HAVE you ever been to Walsall? It sits on the Vistula and more than 2.5m people live in and around it.

Its historic centre is even a UNESCO World Heritage site.

Doesn’t sound like the Walsall you know, despite, as we can all agree, it being the jewel in the crown of the West Midlands.

Well you’re right – and reader Lorrayne Smith spotted why.

When out watching the football in the pub Lorrayne saw the subtitles changing the capital of Euro 2012 host nation Poland from Warsaw to the birthplace of Cum on Feel The Noize hollerer Noddy Holder – the above mentioned Walsall.

It’s not just the odd typo – she also spotted the standard phrase Dear Oh Dear mangled down to Dear Odia which sounds more like a letter to a centurion’s wife.

But how do the subtitles get written?

Pre-recorded subtitles are done before transmission and appear in time with the programme.

Live subtitles on the news etc are made by a stenographer typing words phonetically as they listen to a show. There is also a speech recognition software package which turns someone’s words into subtitles as they’re spoken into a microphone.

And this appears to be where the problems occur.

There are now countless sites on the web chronicling the shortcomings of the subtitling system with examples ranging from the unusual to the downright bizarre.

Even Examiner columnist Barry Gibson got on in the act a few weeks ago, snapping a caption on the Beeb rather than a subtitle – but it appears someone’s mind was somewhere else.

The aforementioned caption suggested there were to be ‘navel cuts’ and was accompanied by footage of some sort of ironclad seagoing craft.

I can imagine them at the MOD, moustaches all a-quiver, as the news comes through: “Sir, the Treasury has demanded a 30% cut in belly buttons.’’

“The troops won’t have it, lad, you hear me, they just won’t wear it! A British belly button is as much a part of this army as shiny shoes and wearing a helmet with grass sticking out of it.’’

Subtitles are designed primarily for the deaf and hard of hearing but out of the 7.5m people who use subtitles on a regular basis, about 6m have no hearing problems.

Another common use for subtitles appears to be for those learning English as a second language.

But, having the experiences we’ve had above I’m not sure that subtitles would be suitable at all.

“Hello there can I get a Twix and a copy of the Examiner please?’’

“Yes twins and eggs, ham in peas.’’


“You have a sore E?’’

“No, I just want a chocolate bar’’ and on we go, no doubt ending in fork handles.

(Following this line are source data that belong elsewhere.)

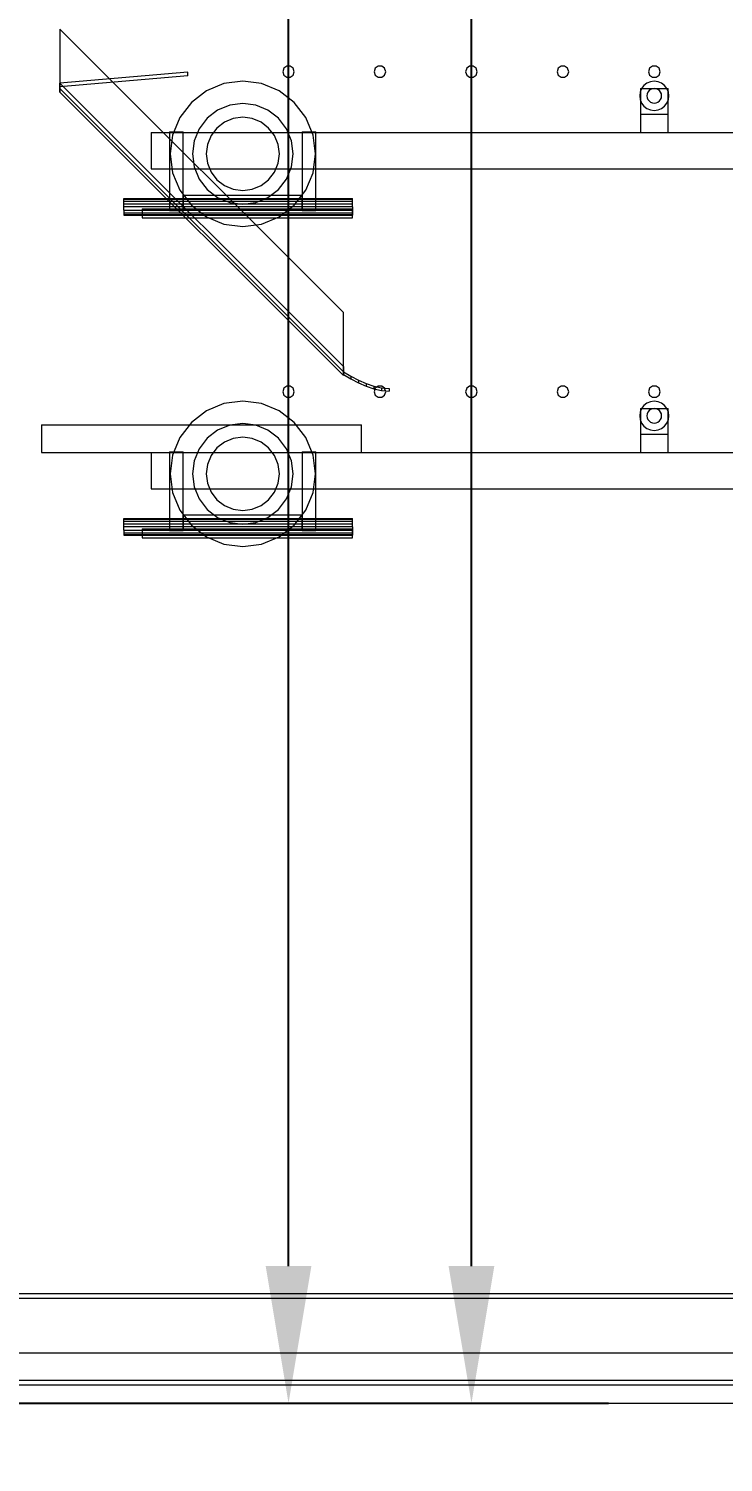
# Model space of a CAD drawing. Header units: millimetres. Extents: x -1970 to 59977, y -50268 to 6837.
# Drawn here: x 39055 to 39815, y -65 to 1503 of the extents above; entities that cross this region are included whole.
import ezdxf

# ---------------------------------------------------------------- set-up
doc = ezdxf.new("R2010")
doc.units = ezdxf.units.MM
for name, color, linetype, lineweight in [('COTAS_O', 1, 'Continuous', 0), ('COTAS_P', 1, 'Continuous', 0), ('lateral_secador', 7, 'Continuous', 0)]:
    doc.layers.add(name, color=color, linetype=linetype, lineweight=lineweight)
doc.dimstyles.new('R19_100', dxfattribs={"dimtxt": 250, "dimasz": 150, "dimexe": 150, "dimexo": 80, "dimgap": 100, "dimtad": 1, "dimtih": 1, "dimtoh": 1, "dimdsep": 46, "dimcen": 0.09, "dimadec": 0, "dimazin": 0, "dimtfac": 1, "dimtdec": 4, "dimtofl": 0, "dimtmove": 0, "dimatfit": 3, "dimfxl": 1, "dimtolj": 1, "dimtzin": 0, "dimarcsym": 0})

# ---------------------------------------------------------------- blocks, each defined once
blk = doc.blocks.new('*D11')
at = {"layer": 'COTAS_P', "color": 0, "lineweight": -2, "transparency": 16777216}
for p, q in [((39019.3, 3500), (39489.3, 3500)), ((39339.3, 150), (39339.3, 3350)), ((39019.3, 0), (39489.3, 0))]:
    blk.add_line(p, q, dxfattribs=at)
at = {"layer": 'COTAS_P', "color": 0, "transparency": 16777216}
for points in [[(39314.3, 3350), (39364.3, 3350), (39339.3, 3500)], [(39314.3, 150), (39364.3, 150), (39339.3, 0)]]:
    blk.add_solid(points, dxfattribs=at)
at = {"layer": 'Defpoints', "color": 0, "transparency": 16777216}
for p in [(38939.3, 3500), (39339.3, 3500), (38939.3, 0)]:
    blk.add_point(p, dxfattribs=at)
blk = doc.blocks.new('*D22')
at = {"layer": 'COTAS_O', "color": 0, "lineweight": -2, "transparency": 16777216}
for p, q in [((38839.3, -80), (38839.3, -1050)), ((58839.3, -80), (58839.3, -1050)), ((38989.3, -900), (58689.3, -900))]:
    blk.add_line(p, q, dxfattribs=at)
at = {"layer": 'COTAS_O', "color": 0, "transparency": 16777216}
for points in [[(38989.3, -875), (38989.3, -925), (38839.3, -900)], [(58689.3, -875), (58689.3, -925), (58839.3, -900)]]:
    blk.add_solid(points, dxfattribs=at)
at = {"layer": 'Defpoints', "color": 0, "transparency": 16777216}
for p in [(38839.3, 0), (58839.3, 0), (58839.3, -900)]:
    blk.add_point(p, dxfattribs=at)
blk = doc.blocks.new('*D23')
at = {"layer": 'COTAS_O', "color": 0, "lineweight": -2, "transparency": 16777216}
for p, q in [((38919.3, 3000), (39689.3, 3000)), ((39539.3, 150), (39539.3, 2850)), ((38919.3, 0), (39689.3, 0))]:
    blk.add_line(p, q, dxfattribs=at)
at = {"layer": 'COTAS_O', "color": 0, "transparency": 16777216}
for points in [[(39514.3, 2850), (39564.3, 2850), (39539.3, 3000)], [(39514.3, 150), (39564.3, 150), (39539.3, 0)]]:
    blk.add_solid(points, dxfattribs=at)
at = {"layer": 'Defpoints', "color": 0, "transparency": 16777216}
for p in [(38839.3, 3000), (39539.3, 3000), (38839.3, 0)]:
    blk.add_point(p, dxfattribs=at)
blk = doc.blocks.new('*D24')
at = {"layer": 'COTAS_P', "color": 0, "lineweight": -2, "transparency": 16777216}
for p, q in [((112.7, -80), (112.7, -2650)), ((59977.3, -80), (59977.3, -2650)), ((262.7, -2500), (59827.3, -2500))]:
    blk.add_line(p, q, dxfattribs=at)
at = {"layer": 'COTAS_P', "color": 0, "transparency": 16777216}
for points in [[(262.7, -2475), (262.7, -2525), (112.7, -2500)], [(59827.3, -2475), (59827.3, -2525), (59977.3, -2500)]]:
    blk.add_solid(points, dxfattribs=at)
at = {"layer": 'Defpoints', "color": 0, "transparency": 16777216}
for p in [(112.7, 0), (59977.3, 0), (59977.3, -2500)]:
    blk.add_point(p, dxfattribs=at)

msp = doc.modelspace()

# ---------------------------------------------------------------- linework, layer by layer
at = {"layer": 'lateral_secador'}
for p, q in [((39399.253, 1193), (39089.253, 1503)), ((39089.253, 1503), (39089.253, 1434)), ((39334.116, 1460.082), (39332.903, 1456.35)), ((39337.291, 1462.389), (39334.116, 1460.082)), ((39341.215, 1462.389), (39337.291, 1462.389)), ((39344.39, 1460.082), (39341.215, 1462.389)), ((39345.603, 1456.35), (39344.39, 1460.082)), ((39434.116, 1460.082), (39432.903, 1456.35)), ((39437.291, 1462.389), (39434.116, 1460.082)), ((39441.215, 1462.389), (39437.291, 1462.389)), ((39444.39, 1460.082), (39441.215, 1462.389)), ((39445.603, 1456.35), (39444.39, 1460.082)), ((39534.116, 1460.082), (39532.903, 1456.35)), ((39537.291, 1462.389), (39534.116, 1460.082)), ((39541.215, 1462.389), (39537.291, 1462.389)), ((39544.39, 1460.082), (39541.215, 1462.389)), ((39545.603, 1456.35), (39544.39, 1460.082)), ((39634.116, 1460.082), (39632.903, 1456.35)), ((39637.291, 1462.389), (39634.116, 1460.082)), ((39641.215, 1462.389), (39637.291, 1462.389)), ((39644.39, 1460.082), (39641.215, 1462.389)), ((39645.603, 1456.35), (39644.39, 1460.082)), ((39734.116, 1460.082), (39732.903, 1456.35)), ((39737.291, 1462.389), (39734.116, 1460.082)), ((39741.215, 1462.389), (39737.291, 1462.389)), ((39744.39, 1460.082), (39741.215, 1462.389)), ((39745.603, 1456.35), (39744.39, 1460.082)), ((39229.253, 1456), (39089.253, 1444)), ((39229.253, 1452), (39089.253, 1440)), ((39089.253, 1444), (39399.253, 1134)), ((39089.253, 1438), (39089.253, 1444)), ((39089.253, 1444), (39089.253, 1440)), ((39229.253, 1452), (39229.253, 1456)), ((39268.677, 1443.291), (39249.503, 1435.349)), ((39289.253, 1446), (39268.677, 1443.291)), ((39309.829, 1443.291), (39289.253, 1446)), ((39329.003, 1435.349), (39309.829, 1443.291)), ((39332.903, 1456.35), (39334.116, 1452.618)), ((39334.116, 1452.618), (39337.291, 1450.311)), ((39337.291, 1450.311), (39341.215, 1450.311)), ((39341.215, 1450.311), (39344.39, 1452.618)), ((39344.39, 1452.618), (39345.603, 1456.35)), ((39432.903, 1456.35), (39434.116, 1452.618)), ((39434.116, 1452.618), (39437.291, 1450.311)), ((39437.291, 1450.311), (39441.215, 1450.311)), ((39441.215, 1450.311), (39444.39, 1452.618)), ((39444.39, 1452.618), (39445.603, 1456.35)), ((39532.903, 1456.35), (39534.116, 1452.618)), ((39534.116, 1452.618), (39537.291, 1450.311)), ((39537.291, 1450.311), (39541.215, 1450.311)), ((39541.215, 1450.311), (39544.39, 1452.618)), ((39544.39, 1452.618), (39545.603, 1456.35)), ((39632.903, 1456.35), (39634.116, 1452.618)), ((39634.116, 1452.618), (39637.291, 1450.311)), ((39637.291, 1450.311), (39641.215, 1450.311)), ((39641.215, 1450.311), (39644.39, 1452.618)), ((39644.39, 1452.618), (39645.603, 1456.35)), ((39731.253, 1443.856), (39727.939, 1441.314)), ((39735.112, 1445.455), (39731.253, 1443.856)), ((39732.903, 1456.35), (39734.116, 1452.618)), ((39734.116, 1452.618), (39737.291, 1450.311)), ((39739.253, 1446), (39735.112, 1445.455)), ((39737.291, 1450.311), (39741.215, 1450.311)), ((39743.394, 1445.455), (39739.253, 1446)), ((39741.215, 1450.311), (39744.39, 1452.618)), ((39747.253, 1443.856), (39743.394, 1445.455)), ((39744.39, 1452.618), (39745.603, 1456.35)), ((39750.567, 1441.314), (39747.253, 1443.856)), ((39089.253, 1438), (39399.253, 1128)), ((39089.253, 1434), (39089.253, 1438)), ((39089.253, 1434), (39399.253, 1124)), ((39249.503, 1435.349), (39233.038, 1422.715)), ((39345.468, 1422.715), (39329.003, 1435.349)), ((39723.798, 1434.141), (39723.253, 1430)), ((39723.253, 1430), (39723.798, 1425.859)), ((39725.397, 1438), (39723.798, 1434.141)), ((39724.253, 1438), (39754.253, 1438)), ((39724.253, 1438), (39724.253, 1410)), ((39727.939, 1441.314), (39725.397, 1438)), ((39731.526, 1432.071), (39731.253, 1430)), ((39731.253, 1430), (39731.526, 1427.929)), ((39732.325, 1434), (39731.526, 1432.071)), ((39731.526, 1427.929), (39732.325, 1426)), ((39733.596, 1435.657), (39732.325, 1434)), ((39735.253, 1436.928), (39733.596, 1435.657)), ((39737.182, 1437.727), (39735.253, 1436.928)), ((39739.253, 1438), (39737.182, 1437.727)), ((39741.324, 1437.727), (39739.253, 1438)), ((39743.253, 1436.928), (39741.324, 1437.727)), ((39744.91, 1435.657), (39743.253, 1436.928)), ((39746.181, 1434), (39744.91, 1435.657)), ((39746.98, 1432.071), (39746.181, 1434)), ((39746.181, 1426), (39746.98, 1427.929)), ((39747.253, 1430), (39746.98, 1432.071)), ((39746.98, 1427.929), (39747.253, 1430)), ((39753.109, 1438), (39750.567, 1441.314)), ((39754.708, 1434.141), (39753.109, 1438)), ((39754.253, 1410), (39754.253, 1438)), ((39755.253, 1430), (39754.708, 1434.141)), ((39754.708, 1425.859), (39755.253, 1430)), ((39233.038, 1422.715), (39220.404, 1406.25)), ((39261.753, 1414.131), (39250.362, 1405.391)), ((39275.018, 1419.626), (39261.753, 1414.131)), ((39289.253, 1421.5), (39275.018, 1419.626)), ((39303.488, 1419.626), (39289.253, 1421.5)), ((39316.753, 1414.131), (39303.488, 1419.626)), ((39328.144, 1405.391), (39316.753, 1414.131)), ((39358.102, 1406.25), (39345.468, 1422.715)), ((39723.798, 1425.859), (39725.397, 1422)), ((39725.397, 1422), (39727.939, 1418.686)), ((39727.939, 1418.686), (39731.253, 1416.144)), ((39731.253, 1416.144), (39735.112, 1414.545)), ((39732.325, 1426), (39733.596, 1424.343)), ((39733.596, 1424.343), (39735.253, 1423.072)), ((39735.112, 1414.545), (39739.253, 1414)), ((39735.253, 1423.072), (39737.182, 1422.273)), ((39737.182, 1422.273), (39739.253, 1422)), ((39739.253, 1422), (39741.324, 1422.273)), ((39739.253, 1414), (39743.394, 1414.545)), ((39741.324, 1422.273), (39743.253, 1423.072)), ((39743.253, 1423.072), (39744.91, 1424.343)), ((39743.394, 1414.545), (39747.253, 1416.144)), ((39744.91, 1424.343), (39746.181, 1426)), ((39747.253, 1416.144), (39750.567, 1418.686)), ((39750.567, 1418.686), (39753.109, 1422)), ((39753.109, 1422), (39754.708, 1425.859)), ((39220.404, 1406.25), (39212.462, 1387.076)), ((39250.362, 1405.391), (39241.622, 1394)), ((39269.253, 1401.141), (39260.969, 1394.784)), ((39278.9, 1405.137), (39269.253, 1401.141)), ((39289.253, 1406.5), (39278.9, 1405.137)), ((39299.606, 1405.137), (39289.253, 1406.5)), ((39309.253, 1401.141), (39299.606, 1405.137)), ((39317.537, 1394.784), (39309.253, 1401.141)), ((39336.884, 1394), (39328.144, 1405.391)), ((39366.044, 1387.076), (39358.102, 1406.25)), ((39724.253, 1410), (39754.253, 1410)), ((39724.253, 1410), (39724.253, 1390)), ((39754.253, 1390), (39754.253, 1410)), ((39189.253, 1390), (58489.253, 1390)), ((39189.253, 1390), (39189.253, 1350)), ((39209.253, 1390.5), (39224.253, 1390.5)), ((39209.253, 1390.5), (39209.253, 1304.5)), ((39212.462, 1387.076), (39209.753, 1366.5)), ((39224.253, 1304.5), (39224.253, 1390.5)), ((39236.127, 1380.735), (39234.253, 1366.5)), ((39241.622, 1394), (39236.127, 1380.735)), ((39254.612, 1386.5), (39250.616, 1376.853)), ((39260.969, 1394.784), (39254.612, 1386.5)), ((39323.894, 1386.5), (39317.537, 1394.784)), ((39327.89, 1376.853), (39323.894, 1386.5)), ((39342.379, 1380.735), (39336.884, 1394)), ((39344.253, 1366.5), (39342.379, 1380.735)), ((39354.253, 1390.5), (39369.253, 1390.5)), ((39354.253, 1390.5), (39354.253, 1304.5)), ((39368.753, 1366.5), (39366.044, 1387.076)), ((39369.253, 1304.5), (39369.253, 1390.5)), ((39724.253, 1390), (39754.253, 1390)), ((39209.753, 1366.5), (39212.462, 1345.924)), ((39234.253, 1366.5), (39236.127, 1352.265)), ((39250.616, 1376.853), (39249.253, 1366.5)), ((39249.253, 1366.5), (39250.616, 1356.147)), ((39329.253, 1366.5), (39327.89, 1376.853)), ((39327.89, 1356.147), (39329.253, 1366.5)), ((39342.379, 1352.265), (39344.253, 1366.5)), ((39366.044, 1345.924), (39368.753, 1366.5)), ((39189.253, 1350), (58489.253, 1350)), ((39236.127, 1352.265), (39241.622, 1339)), ((39250.616, 1356.147), (39254.612, 1346.5)), ((39323.894, 1346.5), (39327.89, 1356.147)), ((39336.884, 1339), (39342.379, 1352.265)), ((39212.462, 1345.924), (39220.404, 1326.75)), ((39241.622, 1339), (39250.362, 1327.609)), ((39254.612, 1346.5), (39260.969, 1338.216)), ((39260.969, 1338.216), (39269.253, 1331.859)), ((39309.253, 1331.859), (39317.537, 1338.216)), ((39317.537, 1338.216), (39323.894, 1346.5)), ((39328.144, 1327.609), (39336.884, 1339)), ((39358.102, 1326.75), (39366.044, 1345.924)), ((39159.253, 1316.815), (39159.253, 1317.5)), ((39159.253, 1317.5), (39409.253, 1317.5)), ((39220.404, 1326.75), (39233.038, 1310.285)), ((39224.253, 1321.5), (39354.253, 1321.5)), ((39224.253, 1321.5), (39224.253, 1306.5)), ((39250.362, 1327.609), (39261.753, 1318.869)), ((39261.753, 1318.869), (39275.018, 1313.374)), ((39269.253, 1331.859), (39278.9, 1327.863)), ((39278.9, 1327.863), (39289.253, 1326.5)), ((39289.253, 1326.5), (39299.606, 1327.863)), ((39299.606, 1327.863), (39309.253, 1331.859)), ((39303.488, 1313.374), (39316.753, 1318.869)), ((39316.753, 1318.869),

Subtitles have become sexy in recent years. I use the term sexy in the media way – so stenographers, stop going red!

The rise of foreign dramas such as The Killing and Borgen have changed the way these humble words are thought of.

Who would have thought that reading while watching the telly could have been interesting?

It’s amazing how to begin with the subtitles are intrusive but after about 15 minutes you forget they’re there and you forget you’re reading them. I was convinced I spoke Danish after watching the first series of The Killing.

Can we extend subtitles further after their recent triumphs? EastEnders would be first up for me.